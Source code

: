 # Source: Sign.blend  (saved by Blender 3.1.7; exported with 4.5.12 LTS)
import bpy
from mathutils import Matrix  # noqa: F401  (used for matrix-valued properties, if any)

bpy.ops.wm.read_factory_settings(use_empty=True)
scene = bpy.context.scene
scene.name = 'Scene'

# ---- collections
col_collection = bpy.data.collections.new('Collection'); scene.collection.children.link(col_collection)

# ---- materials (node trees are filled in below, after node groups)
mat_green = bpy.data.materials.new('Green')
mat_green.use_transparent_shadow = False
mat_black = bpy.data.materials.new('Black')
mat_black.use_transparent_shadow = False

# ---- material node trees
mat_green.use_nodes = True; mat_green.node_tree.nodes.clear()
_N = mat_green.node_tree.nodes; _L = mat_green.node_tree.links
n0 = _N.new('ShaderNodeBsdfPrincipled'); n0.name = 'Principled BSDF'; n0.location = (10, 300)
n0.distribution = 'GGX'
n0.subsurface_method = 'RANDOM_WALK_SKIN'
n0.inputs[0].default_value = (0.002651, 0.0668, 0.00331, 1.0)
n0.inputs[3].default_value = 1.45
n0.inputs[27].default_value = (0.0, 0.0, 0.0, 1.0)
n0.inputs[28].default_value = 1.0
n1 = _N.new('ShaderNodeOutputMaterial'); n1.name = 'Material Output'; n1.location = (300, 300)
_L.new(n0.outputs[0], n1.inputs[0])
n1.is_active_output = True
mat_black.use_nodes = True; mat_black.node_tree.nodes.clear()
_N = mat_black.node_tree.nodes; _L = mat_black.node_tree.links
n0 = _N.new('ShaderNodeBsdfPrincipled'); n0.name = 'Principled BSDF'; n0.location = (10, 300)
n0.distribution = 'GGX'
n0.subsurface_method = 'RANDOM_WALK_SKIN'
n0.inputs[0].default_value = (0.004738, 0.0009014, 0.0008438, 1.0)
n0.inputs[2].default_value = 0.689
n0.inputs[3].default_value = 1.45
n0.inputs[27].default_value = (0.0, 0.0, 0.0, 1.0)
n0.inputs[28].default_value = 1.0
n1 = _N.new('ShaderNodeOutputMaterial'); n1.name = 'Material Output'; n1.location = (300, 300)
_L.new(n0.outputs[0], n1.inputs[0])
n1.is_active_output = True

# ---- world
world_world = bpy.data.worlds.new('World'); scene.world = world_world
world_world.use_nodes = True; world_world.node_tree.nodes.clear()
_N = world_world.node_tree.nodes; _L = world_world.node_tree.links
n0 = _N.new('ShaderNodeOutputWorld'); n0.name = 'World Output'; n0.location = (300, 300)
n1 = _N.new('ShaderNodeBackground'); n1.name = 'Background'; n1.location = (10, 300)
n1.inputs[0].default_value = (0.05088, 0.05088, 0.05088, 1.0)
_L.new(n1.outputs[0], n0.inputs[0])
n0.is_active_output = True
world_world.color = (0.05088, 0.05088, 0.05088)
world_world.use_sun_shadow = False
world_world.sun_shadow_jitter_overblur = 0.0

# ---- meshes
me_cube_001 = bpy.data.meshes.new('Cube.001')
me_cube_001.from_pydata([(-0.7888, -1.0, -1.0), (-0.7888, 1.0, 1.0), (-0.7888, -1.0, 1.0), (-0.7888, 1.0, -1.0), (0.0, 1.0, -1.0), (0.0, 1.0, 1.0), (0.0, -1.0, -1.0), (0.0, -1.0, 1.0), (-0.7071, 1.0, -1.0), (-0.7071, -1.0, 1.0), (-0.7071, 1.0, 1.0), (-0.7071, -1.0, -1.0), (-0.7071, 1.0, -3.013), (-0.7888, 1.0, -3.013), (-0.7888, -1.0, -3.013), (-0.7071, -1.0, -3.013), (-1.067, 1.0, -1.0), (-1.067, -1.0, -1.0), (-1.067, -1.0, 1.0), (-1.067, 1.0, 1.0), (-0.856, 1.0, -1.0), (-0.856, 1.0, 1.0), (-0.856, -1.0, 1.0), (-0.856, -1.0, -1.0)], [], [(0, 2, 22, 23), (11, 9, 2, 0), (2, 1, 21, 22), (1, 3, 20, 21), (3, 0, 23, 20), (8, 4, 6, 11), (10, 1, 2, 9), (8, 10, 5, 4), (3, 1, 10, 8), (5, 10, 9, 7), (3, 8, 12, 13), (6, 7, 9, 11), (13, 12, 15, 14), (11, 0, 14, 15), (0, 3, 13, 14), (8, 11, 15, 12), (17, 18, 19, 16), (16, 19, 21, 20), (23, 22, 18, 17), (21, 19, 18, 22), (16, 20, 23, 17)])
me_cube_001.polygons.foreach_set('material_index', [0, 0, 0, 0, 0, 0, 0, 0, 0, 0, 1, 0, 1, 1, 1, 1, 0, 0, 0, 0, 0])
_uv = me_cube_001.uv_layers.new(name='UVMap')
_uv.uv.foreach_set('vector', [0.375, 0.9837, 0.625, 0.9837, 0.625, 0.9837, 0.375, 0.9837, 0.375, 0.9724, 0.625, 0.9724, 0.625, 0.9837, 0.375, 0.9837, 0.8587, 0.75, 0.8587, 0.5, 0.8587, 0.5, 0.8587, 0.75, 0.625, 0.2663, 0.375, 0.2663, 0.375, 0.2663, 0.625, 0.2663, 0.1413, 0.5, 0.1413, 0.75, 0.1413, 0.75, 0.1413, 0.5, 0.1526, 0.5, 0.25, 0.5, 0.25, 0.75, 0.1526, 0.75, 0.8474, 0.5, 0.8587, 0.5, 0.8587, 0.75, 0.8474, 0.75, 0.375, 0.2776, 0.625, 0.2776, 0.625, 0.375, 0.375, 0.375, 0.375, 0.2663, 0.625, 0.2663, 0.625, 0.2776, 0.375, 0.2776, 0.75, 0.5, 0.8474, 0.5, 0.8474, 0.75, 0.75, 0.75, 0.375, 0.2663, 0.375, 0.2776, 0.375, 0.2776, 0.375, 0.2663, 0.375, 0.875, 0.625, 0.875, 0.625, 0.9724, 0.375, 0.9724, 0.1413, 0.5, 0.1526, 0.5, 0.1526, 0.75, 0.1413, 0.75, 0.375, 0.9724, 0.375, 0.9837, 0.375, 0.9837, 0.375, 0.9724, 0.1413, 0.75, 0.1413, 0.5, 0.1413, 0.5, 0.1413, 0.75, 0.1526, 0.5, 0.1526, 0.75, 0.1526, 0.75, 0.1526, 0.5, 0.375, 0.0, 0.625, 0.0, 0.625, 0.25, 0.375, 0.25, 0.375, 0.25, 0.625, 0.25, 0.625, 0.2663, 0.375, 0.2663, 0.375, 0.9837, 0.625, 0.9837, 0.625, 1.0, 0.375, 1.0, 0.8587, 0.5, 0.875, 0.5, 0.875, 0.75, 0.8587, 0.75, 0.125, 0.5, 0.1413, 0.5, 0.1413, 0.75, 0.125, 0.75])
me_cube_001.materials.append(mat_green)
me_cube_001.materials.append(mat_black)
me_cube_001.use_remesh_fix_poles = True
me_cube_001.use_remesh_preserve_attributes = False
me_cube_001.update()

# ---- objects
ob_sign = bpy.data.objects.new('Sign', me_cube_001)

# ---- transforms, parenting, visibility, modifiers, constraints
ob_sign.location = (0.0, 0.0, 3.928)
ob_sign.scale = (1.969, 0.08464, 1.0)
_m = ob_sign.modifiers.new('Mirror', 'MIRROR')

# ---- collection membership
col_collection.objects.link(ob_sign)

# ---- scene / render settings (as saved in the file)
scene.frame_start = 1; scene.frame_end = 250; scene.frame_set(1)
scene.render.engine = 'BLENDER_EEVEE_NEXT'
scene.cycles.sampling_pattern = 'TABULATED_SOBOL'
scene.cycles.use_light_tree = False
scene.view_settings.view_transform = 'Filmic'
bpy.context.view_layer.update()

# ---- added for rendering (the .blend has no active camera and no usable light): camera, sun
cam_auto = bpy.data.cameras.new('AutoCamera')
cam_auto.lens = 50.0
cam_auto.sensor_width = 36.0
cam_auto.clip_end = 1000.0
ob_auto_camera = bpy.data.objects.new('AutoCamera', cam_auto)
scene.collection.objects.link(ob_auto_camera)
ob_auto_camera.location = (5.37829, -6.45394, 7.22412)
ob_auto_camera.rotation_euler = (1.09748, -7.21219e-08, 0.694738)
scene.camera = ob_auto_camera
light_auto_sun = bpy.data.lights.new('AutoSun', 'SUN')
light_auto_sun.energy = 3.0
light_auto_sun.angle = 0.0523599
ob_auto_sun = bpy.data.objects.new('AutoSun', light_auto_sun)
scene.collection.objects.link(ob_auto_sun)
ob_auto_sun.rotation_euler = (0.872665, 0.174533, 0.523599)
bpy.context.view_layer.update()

☆ ☆ ☆ ☆

Repeat, exactly as they stand above, the lines from the line with "ob_sign.scale = (1.969, 0.08464, 1.0)" to the line with "cam_auto.lens = 50.0", both lines included.

The completed task:
ob_sign.scale = (1.969, 0.08464, 1.0)
_m = ob_sign.modifiers.new('Mirror', 'MIRROR')

# ---- collection membership
col_collection.objects.link(ob_sign)

# ---- scene / render settings (as saved in the file)
scene.frame_start = 1; scene.frame_end = 250; scene.frame_set(1)
scene.render.engine = 'BLENDER_EEVEE_NEXT'
scene.cycles.sampling_pattern = 'TABULATED_SOBOL'
scene.cycles.use_light_tree = False
scene.view_settings.view_transform = 'Filmic'
bpy.context.view_layer.update()

# ---- added for rendering (the .blend has no active camera and no usable light): camera, sun
cam_auto = bpy.data.cameras.new('AutoCamera')
cam_auto.lens = 50.0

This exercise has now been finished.